TASK PROMPT: Go through the records below from the first line and print each one exactly, stopping after the line that contains "from ezdxf.enums import". Do not print pictures or anything past that line.

*** Begin section ***

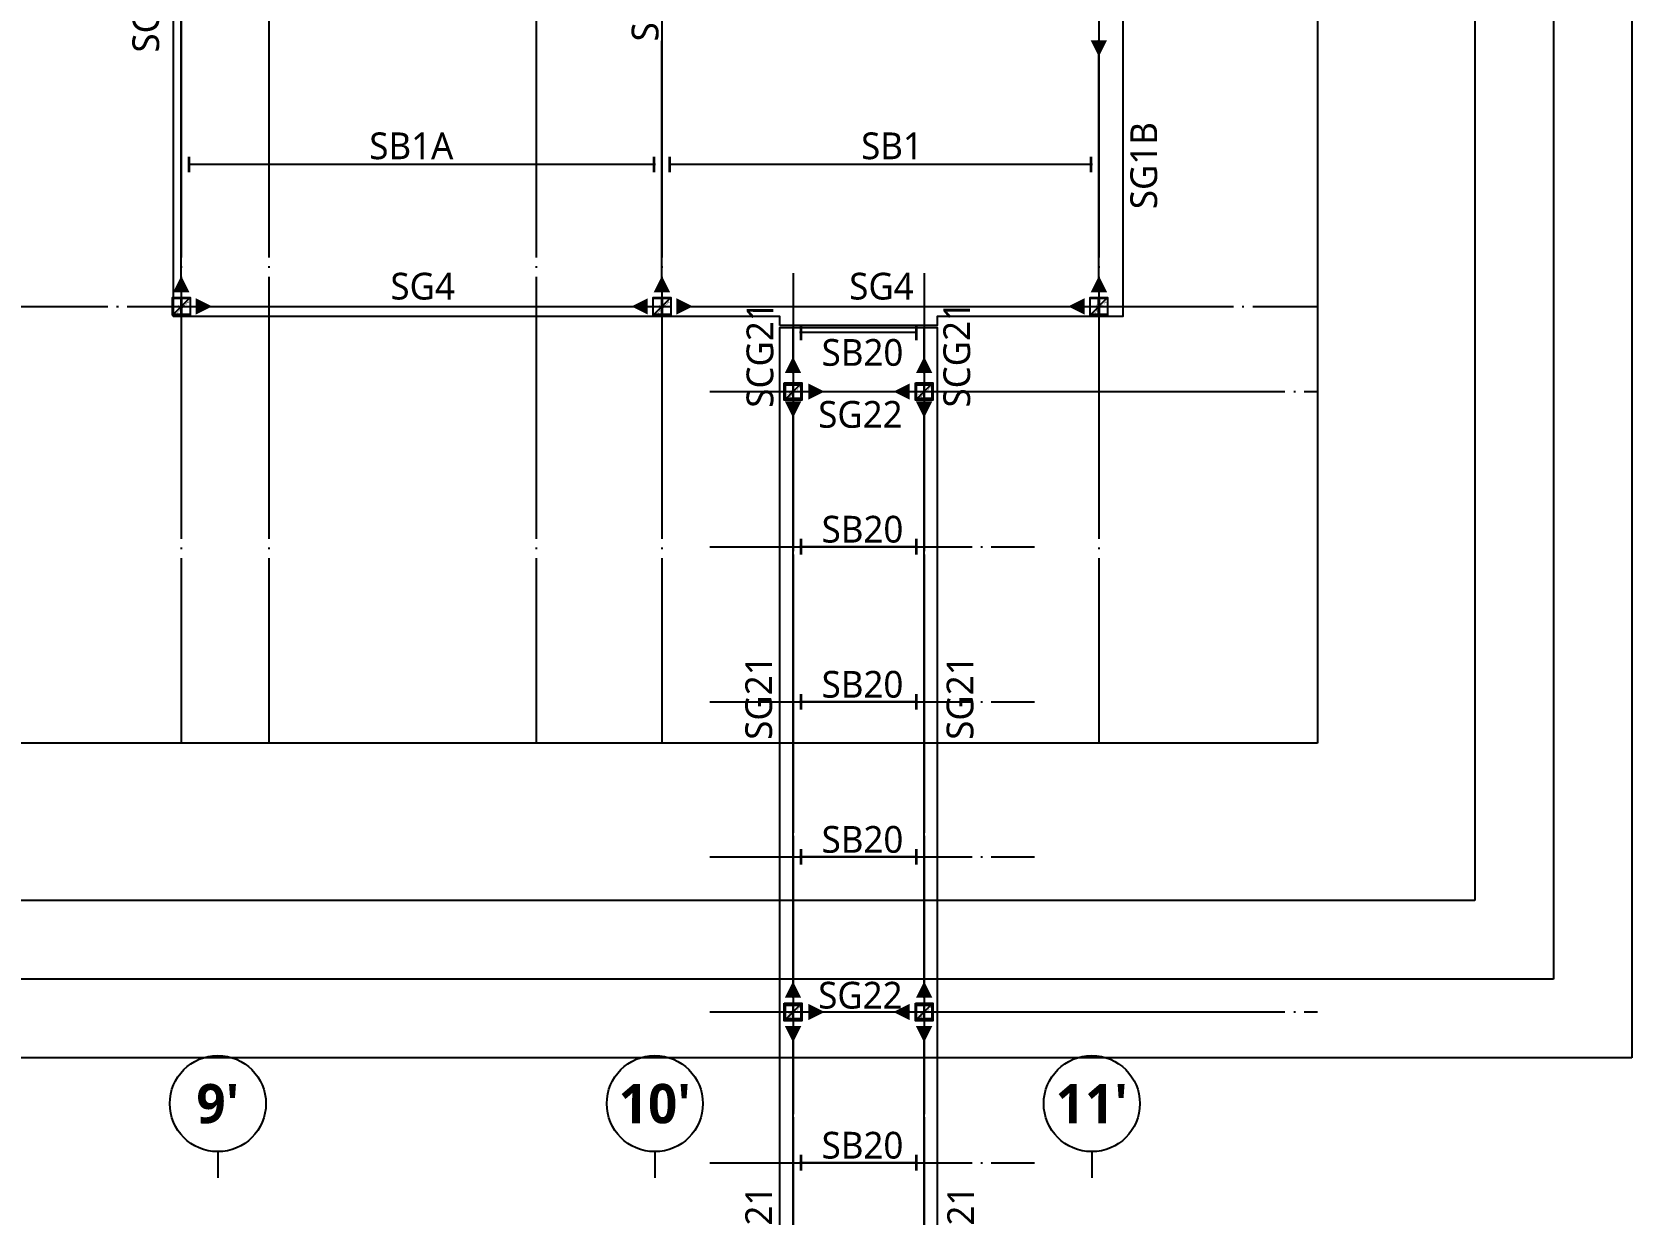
# Model space of a CAD drawing. Header units: millimetres. Extents: x -734060 to 504600, y -7739 to 118800.
# Drawn here: x 256284 to 292900, y 22125 to 49181 of the extents above; entities that cross this region are included whole.
import ezdxf
from ezdxf.enums import TextEntityAlignment as Align

# ---------------------------------------------------------------- set-up
doc = ezdxf.new("R2010")
doc.units = ezdxf.units.MM
doc.header["$LTSCALE"] = 200
doc.linetypes.add('CEN-GAUN', pattern=[32.2, 30, -1, 0.2, -1])
doc.layers.get('DEFPOINTS').update_dxf_attribs({"color": 137})
for name, color, linetype in [('0-S-col', 4, 'Continuous'), ('09GIRDER', 2, 'Continuous'), ('CEN', 1, 'CEN-GAUN'), ('S-STG', 4, 'Continuous'), ('Slab Line', 7, 'Continuous'), ('Z-STL-BEAM', 6, 'Continuous')]:
    doc.layers.add(name, color=color, linetype=linetype)
doc.layers.add('0기존동 축열', color=137, linetype='Continuous', plot=False)
doc.styles.add('ROMANS', font='malgun.ttf')
doc.styles.add('스타일1', font='malgun.ttf')
doc.styles.add('스타일2', font='malgunbd.ttf')
doc.styles.add('휘츠', font='malgun.ttf')
doc.dimstyles.new('STL-MOM-150', dxfattribs={"dimscale": 150, "dimtxt": 3, "dimasz": 1, "dimexe": 1.25, "dimexo": 0.625, "dimgap": 1.5, "dimtad": 1, "dimtxsty": 'ROMANS', "dimblk": 'DOT_MOM', "dimcen": 0, "dimse1": 1, "dimse2": 1, "dimclrt": 2, "dimadec": 0, "dimazin": 0, "dimtfac": 1, "dimtmove": 2, "dimatfit": 3, "dimfxl": 1.25, "dimarcsym": 0})

# ---------------------------------------------------------------- blocks, each defined once
blk = doc.blocks.new('x-stu-2Fcol')
at = {"layer": '0-S-col'}
for points in [[(63825, -45125), (64175, -45125), (64175, -45106), (64025, -45106, -0.414214), (64006, -45087), (64006, -44813, -0.414214), (64025, -44794), (64175, -44794), (64175, -44775), (63825, -44775), (63825, -44794), (63975, -44794, -0.414214), (63994, -44813), (63994, -45087, -0.414214), (63975, -45106), (63825, -45106)], [(66825, -45125), (67175, -45125), (67175, -45106), (67025, -45106, -0.414214), (67006, -45087), (67006, -44813, -0.414214), (67025, -44794), (67175, -44794), (67175, -44775), (66825, -44775), (66825, -44794), (66975, -44794, -0.414214), (66994, -44813), (66994, -45087, -0.414214), (66975, -45106), (66825, -45106)], [(63825, -59325), (64175, -59325), (64175, -59306), (64025, -59306, -0.414214), (64006, -59287), (64006, -59013, -0.414214), (64025, -58994), (64175, -58994), (64175, -58975), (63825, -58975), (63825, -58994), (63975, -58994, -0.414214), (63994, -59013), (63994, -59287, -0.414214), (63975, -59306), (63825, -59306)], [(66825, -59325), (67175, -59325), (67175, -59306), (67025, -59306, -0.414214), (67006, -59287), (67006, -59013, -0.414214), (67025, -58994), (67175, -58994), (67175, -58975), (66825, -58975), (66825, -58994), (66975, -58994, -0.414214), (66994, -59013), (66994, -59287, -0.414214), (66975, -59306), (66825, -59306)]]:
    blk.add_lwpolyline(points, format="xyb", close=True, dxfattribs=at)
at = {"layer": '09GIRDER'}
for points in [[(49800, -43200), (49800, -43179), (49972, -43179, 0.414214), (49994, -43157), (49994, -42843, 0.414214), (49972, -42821), (49800, -42821), (49800, -42800), (50200, -42800), (50200, -42821), (50029, -42821, 0.414214), (50007, -42843), (50007, -43157, 0.414214), (50029, -43179), (50200, -43179), (50200, -43200)], [(60800, -43200), (60800, -43179), (60972, -43179, 0.414214), (60994, -43157), (60994, -42843, 0.414214), (60972, -42821), (60800, -42821), (60800, -42800), (61200, -42800), (61200, -42821), (61028, -42821, 0.414214), (61006, -42843), (61006, -43157, 0.414214), (61028, -43179), (61200, -43179), (61200, -43200)], [(70800, -43200), (70800, -43179), (70972, -43179, 0.414214), (70994, -43157), (70994, -42843, 0.414214), (70972, -42821), (70800, -42821), (70800, -42800), (71200, -42800), (71200, -42821), (71029, -42821, 0.414214), (71007, -42843), (71007, -43157, 0.414214), (71029, -43179), (71200, -43179), (71200, -43200)]]:
    blk.add_lwpolyline(points, format="xyb", close=True, dxfattribs=at)
at = {"layer": 'DEFPOINTS'}
for p, q in [((49800, -43200), (50200, -42800)), ((60800, -43200), (61200, -42800)), ((70800, -43200), (71200, -42800)), ((63825, -45125), (64175, -44775)), ((66825, -45125), (67175, -44775)), ((63825, -59325), (64175, -58975)), ((66825, -59325), (67175, -58975))]:
    blk.add_line(p, q, dxfattribs=at)
for points in [[(49800, -42800), (50200, -42800), (50200, -43200), (49800, -43200)], [(60800, -42800), (61200, -42800), (61200, -43200), (60800, -43200)], [(70800, -42800), (71200, -42800), (71200, -43200), (70800, -43200)], [(63800, -44750), (64200, -44750), (64200, -45150), (63800, -45150)], [(63825, -44775), (64175, -44775), (64175, -45125), (63825, -45125)], [(66800, -44750), (67200, -44750), (67200, -45150), (66800, -45150)], [(66825, -44775), (67175, -44775), (67175, -45125), (66825, -45125)], [(63800, -58950), (64200, -58950), (64200, -59350), (63800, -59350)], [(66800, -58950), (67200, -58950), (67200, -59350), (66800, -59350)], [(63825, -58975), (64175, -58975), (64175, -59325), (63825, -59325)], [(66825, -58975), (67175, -58975), (67175, -59325), (66825, -59325)]]:
    blk.add_lwpolyline(points, close=True, dxfattribs=at)
at = {"layer": 'DEFPOINTS', "style": '스타일1'}
for s, p in [('H-400X400X13X21', (50043, -43010)), ('SC2', (49956, -42978)), ('H-400X400X13X21', (61043, -43010)), ('SC2', (60956, -42978)), ('H-400X400X13X21', (71043, -43010)), ('SC3', (70956, -42978))]:
    blk.add_text(s, height=35, rotation=45, dxfattribs=at).set_placement(p, align=Align.MIDDLE_CENTER)
for s, p in [('S-SC21', (63893, -45044)), ('350X350X12X19', (63920, -45093)), ('S-SC21', (66893, -45044)), ('350X350X12X19', (66920, -45093)), ('S-SC21', (63893, -59244)), ('350X350X12X19', (63920, -59293)), ('S-SC21', (66893, -59244)), ('350X350X12X19', (66920, -59293))]:
    blk.add_text(s, height=35, rotation=45, dxfattribs=at).set_placement(p)
blk = doc.blocks.new('DEF-AXIS')
blk.add_line((0, 600), (0, 0))
blk.add_circle((0, 1700), 1100)
at = {"style": '스타일2'}
blk.add_attdef('X', text='', height=900, dxfattribs=at).set_placement((0, 1700), align=Align.MIDDLE)
blk = doc.blocks.new('DOT_MOM')
at = {"color": 0}
blk.add_lwpolyline([(-3.5, 0, 0, 2.5, 0), (-1, 0, 2.5, 2.5, 0)], format="xyseb", dxfattribs=at)
blk = doc.blocks.new('*D68')
at = {"layer": 'DEFPOINTS', "color": 0, "transparency": 16777216}
for p in [(259700, 55725), (259700, 55725), (259700, 43075)]:
    blk.add_point(p, dxfattribs=at)
at = {"layer": 'S-STG', "lineweight": -2, "transparency": 16777216}
blk.add_line((259700, 43225), (259700, 55575), dxfattribs=at)
at = {"layer": 'S-STG', "lineweight": -2, "transparency": 16777216, "xscale": 150, "yscale": 150, "zscale": 150}
for p, rotation in [((259700, 55725), 90), ((259700, 43075), 270)]:
    blk.add_blockref('DOT_MOM', p, dxfattribs=dict(at, rotation=rotation))
at = {"layer": 'S-STG', "color": 4, "transparency": 16777216, "insert": (258891, 49703), "char_height": 875, "attachment_point": 5, "rotation": 90, "style": '휘츠'}
blk.add_mtext('{\\H0.7x;SG1A}', dxfattribs=at)
blk = doc.blocks.new('*D72')
at = {"layer": 'DEFPOINTS', "color": 0, "transparency": 16777216}
for p in [(270700, 55725), (270700, 55725), (270700, 43075)]:
    blk.add_point(p, dxfattribs=at)
at = {"layer": 'S-STG', "lineweight": -2, "transparency": 16777216}
for p, q in [((270700, 55575), (270700, 50431)), ((270700, 43225), (270700, 48975))]:
    blk.add_line(p, q, dxfattribs=at)
at = {"layer": 'S-STG', "lineweight": -2, "transparency": 16777216, "xscale": 150, "yscale": 150, "zscale": 150}
for p, rotation in [((270700, 55725), 90), ((270700, 43075), 270)]:
    blk.add_blockref('DOT_MOM', p, dxfattribs=dict(at, rotation=rotation))
at = {"layer": 'S-STG', "color": 4, "transparency": 16777216, "insert": (270318, 49703), "char_height": 875, "attachment_point": 5, "rotation": 90, "style": '휘츠'}
blk.add_mtext('{\\H0.7x;SG1}', dxfattribs=at)
blk = doc.blocks.new('*D76')
at = {"layer": 'DEFPOINTS', "color": 0, "transparency": 16777216}
for p in [(280700, 49141), (280700, 49141), (280700, 43075)]:
    blk.add_point(p, dxfattribs=at)
at = {"layer": 'S-STG', "lineweight": -2, "transparency": 16777216}
blk.add_line((280700, 43225), (280700, 48991), dxfattribs=at)
at = {"layer": 'S-STG', "lineweight": -2, "transparency": 16777216, "xscale": 150, "yscale": 150, "zscale": 150}
for p, rotation in [((280700, 49141), 90), ((280700, 43075), 270)]:
    blk.add_blockref('DOT_MOM', p, dxfattribs=dict(at, rotation=rotation))
at = {"layer": 'S-STG', "color": 4, "transparency": 16777216, "insert": (281730, 46122), "char_height": 875, "attachment_point": 5, "rotation": 90, "style": '휘츠'}
blk.add_mtext('{\\H0.7x;SG1B}', dxfattribs=at)
blk = doc.blocks.new('*D82')
at = {"layer": 'DEFPOINTS', "color": 0, "transparency": 16777216}
for p in [(270881, 42900), (280523, 42900), (280523, 42900)]:
    blk.add_point(p, dxfattribs=at)
at = {"layer": 'S-STG', "lineweight": -2, "transparency": 16777216}
blk.add_line((271031, 42900), (280373, 42900), dxfattribs=at)
at = {"layer": 'S-STG', "lineweight": -2, "transparency": 16777216, "xscale": 150, "yscale": 150, "zscale": 150, "rotation": 180}
blk.add_blockref('DOT_MOM', (270881, 42900), dxfattribs=at)
at = {"layer": 'S-STG', "lineweight": -2, "transparency": 16777216, "xscale": 150, "yscale": 150, "zscale": 150}
blk.add_blockref('DOT_MOM', (280523, 42900), dxfattribs=at)
at = {"layer": 'S-STG', "color": 4, "transparency": 16777216, "insert": (275724, 43359), "char_height": 875, "attachment_point": 5, "style": '휘츠'}
blk.add_mtext('{\\H0.7x;SG4}', dxfattribs=at)
blk = doc.blocks.new('DOT_PIN')
at = {"layer": 'Z-STL-BEAM', "ltscale": 0.4, "const_width": 0.4}
blk.add_lwpolyline([(-1.2, 1.2), (-1.2, -1.2)], dxfattribs=at)
blk = doc.blocks.new('*D104')
at = {"layer": 'DEFPOINTS', "color": 0, "ltscale": 0.4, "transparency": 16777216}
for p in [(270700, 46150), (270700, 46150), (280700, 46150)]:
    blk.add_point(p, dxfattribs=at)
at = {"layer": 'Z-STL-BEAM', "lineweight": -2, "ltscale": 0.4, "transparency": 16777216}
blk.add_line((280550, 46150), (270850, 46150), dxfattribs=at)
at = {"layer": 'Z-STL-BEAM', "lineweight": -2, "ltscale": 0.4, "transparency": 16777216, "xscale": 150, "yscale": 150, "zscale": 150, "rotation": 180}
blk.add_blockref('DOT_PIN', (270700, 46150), dxfattribs=at)
at = {"layer": 'Z-STL-BEAM', "lineweight": -2, "ltscale": 0.4, "transparency": 16777216, "xscale": 150, "yscale": 150, "zscale": 150}
blk.add_blockref('DOT_PIN', (280700, 46150), dxfattribs=at)
at = {"layer": 'Z-STL-BEAM', "color": 2, "ltscale": 0.4, "transparency": 16777216, "insert": (275965, 46571), "char_height": 875, "attachment_point": 5, "style": '휘츠'}
blk.add_mtext('{\\H0.7x;SB1}', dxfattribs=at)
blk = doc.blocks.new('*D110')
at = {"layer": 'DEFPOINTS', "color": 0, "ltscale": 0.4, "transparency": 16777216}
for p in [(259700, 46150), (259700, 46150), (270700, 46150)]:
    blk.add_point(p, dxfattribs=at)
at = {"layer": 'Z-STL-BEAM', "lineweight": -2, "ltscale": 0.4, "transparency": 16777216}
blk.add_line((270550, 46150), (259850, 46150), dxfattribs=at)
at = {"layer": 'Z-STL-BEAM', "lineweight": -2, "ltscale": 0.4, "transparency": 16777216, "xscale": 150, "yscale": 150, "zscale": 150, "rotation": 180}
blk.add_blockref('DOT_PIN', (259700, 46150), dxfattribs=at)
at = {"layer": 'Z-STL-BEAM', "lineweight": -2, "ltscale": 0.4, "transparency": 16777216, "xscale": 150, "yscale": 150, "zscale": 150}
blk.add_blockref('DOT_PIN', (270700, 46150), dxfattribs=at)
at = {"layer": 'Z-STL-BEAM', "color": 2, "ltscale": 0.4, "transparency": 16777216, "insert": (264965, 46571), "char_height": 875, "attachment_point": 5, "style": '휘츠'}
blk.add_mtext('{\\H0.7x;SB1A}', dxfattribs=at)
blk = doc.blocks.new('*D118')
at = {"layer": 'DEFPOINTS', "color": 0, "transparency": 16777216}
for p in [(259881, 42900), (270526, 42900), (270526, 42900)]:
    blk.add_point(p, dxfattribs=at)
at = {"layer": 'S-STG', "lineweight": -2, "transparency": 16777216}
blk.add_line((260031, 42900), (270376, 42900), dxfattribs=at)
at = {"layer": 'S-STG', "lineweight": -2, "transparency": 16777216, "xscale": 150, "yscale": 150, "zscale": 150, "rotation": 180}
blk.add_blockref('DOT_MOM', (259881, 42900), dxfattribs=at)
at = {"layer": 'S-STG', "lineweight": -2, "transparency": 16777216, "xscale": 150, "yscale": 150, "zscale": 150}
blk.add_blockref('DOT_MOM', (270526, 42900), dxfattribs=at)
at = {"layer": 'S-STG', "color": 4, "transparency": 16777216, "insert": (265224, 43359), "char_height": 875, "attachment_point": 5, "style": '휘츠'}
blk.add_mtext('{\\H0.7x;SG4}', dxfattribs=at)
blk = doc.blocks.new('*D120')
at = {"layer": 'DEFPOINTS', "color": 0, "transparency": 16777216}
for p in [(273897, 40950), (276521, 40950), (276521, 40950)]:
    blk.add_point(p, dxfattribs=at)
at = {"layer": 'S-STG', "lineweight": -2, "transparency": 16777216}
blk.add_line((274047, 40950), (276371, 40950), dxfattribs=at)
at = {"layer": 'S-STG', "lineweight": -2, "transparency": 16777216, "xscale": 150, "yscale": 150, "zscale": 150, "rotation": 180}
blk.add_blockref('DOT_MOM', (273897, 40950), dxfattribs=at)
at = {"layer": 'S-STG', "lineweight": -2, "transparency": 16777216, "xscale": 150, "yscale": 150, "zscale": 150}
blk.add_blockref('DOT_MOM', (276521, 40950), dxfattribs=at)
at = {"layer": 'S-STG', "color": 4, "transparency": 16777216, "insert": (275242, 40424), "char_height": 875, "attachment_point": 5, "style": '휘츠'}
blk.add_mtext('{\\H0.7x;SG22}', dxfattribs=at)
blk = doc.blocks.new('*D122')
at = {"layer": 'DEFPOINTS', "color": 0, "transparency": 16777216}
for p in [(273700, 40875), (273700, 40875), (273700, 26925)]:
    blk.add_point(p, dxfattribs=at)
at = {"layer": 'S-STG', "lineweight": -2, "transparency": 16777216}
blk.add_line((273700, 27075), (273700, 40725), dxfattribs=at)
at = {"layer": 'S-STG', "lineweight": -2, "transparency": 16777216, "xscale": 150, "yscale": 150, "zscale": 150}
for p, rotation in [((273700, 40875), 90), ((273700, 26925), 270)]:
    blk.add_blockref('DOT_MOM', p, dxfattribs=dict(at, rotation=rotation))
at = {"layer": 'S-STG', "color": 4, "transparency": 16777216, "insert": (272918, 33946), "char_height": 875, "attachment_point": 5, "rotation": 90, "style": '휘츠'}
blk.add_mtext('{\\H0.7x;SG21}', dxfattribs=at)
blk = doc.blocks.new('*D124')
at = {"layer": 'DEFPOINTS', "color": 0, "transparency": 16777216}
for p in [(273700, 26575), (273700, 26575), (273700, 16575)]:
    blk.add_point(p, dxfattribs=at)
at = {"layer": 'S-STG', "lineweight": -2, "transparency": 16777216}
blk.add_line((273700, 16725), (273700, 26425), dxfattribs=at)
at = {"layer": 'S-STG', "lineweight": -2, "transparency": 16777216, "xscale": 150, "yscale": 150, "zscale": 150}
for p, rotation in [((273700, 26575), 90), ((273700, 16575), 270)]:
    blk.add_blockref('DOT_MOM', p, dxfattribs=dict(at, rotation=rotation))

*** End section ***

RESPONSE TO THE EXERCISE:
# Model space of a CAD drawing. Header units: millimetres. Extents: x -734060 to 504600, y -7739 to 118800.
# Drawn here: x 256284 to 292900, y 22125 to 49181 of the extents above; entities that cross this region are included whole.
import ezdxf
from ezdxf.enums import TextEntityAlignment as Align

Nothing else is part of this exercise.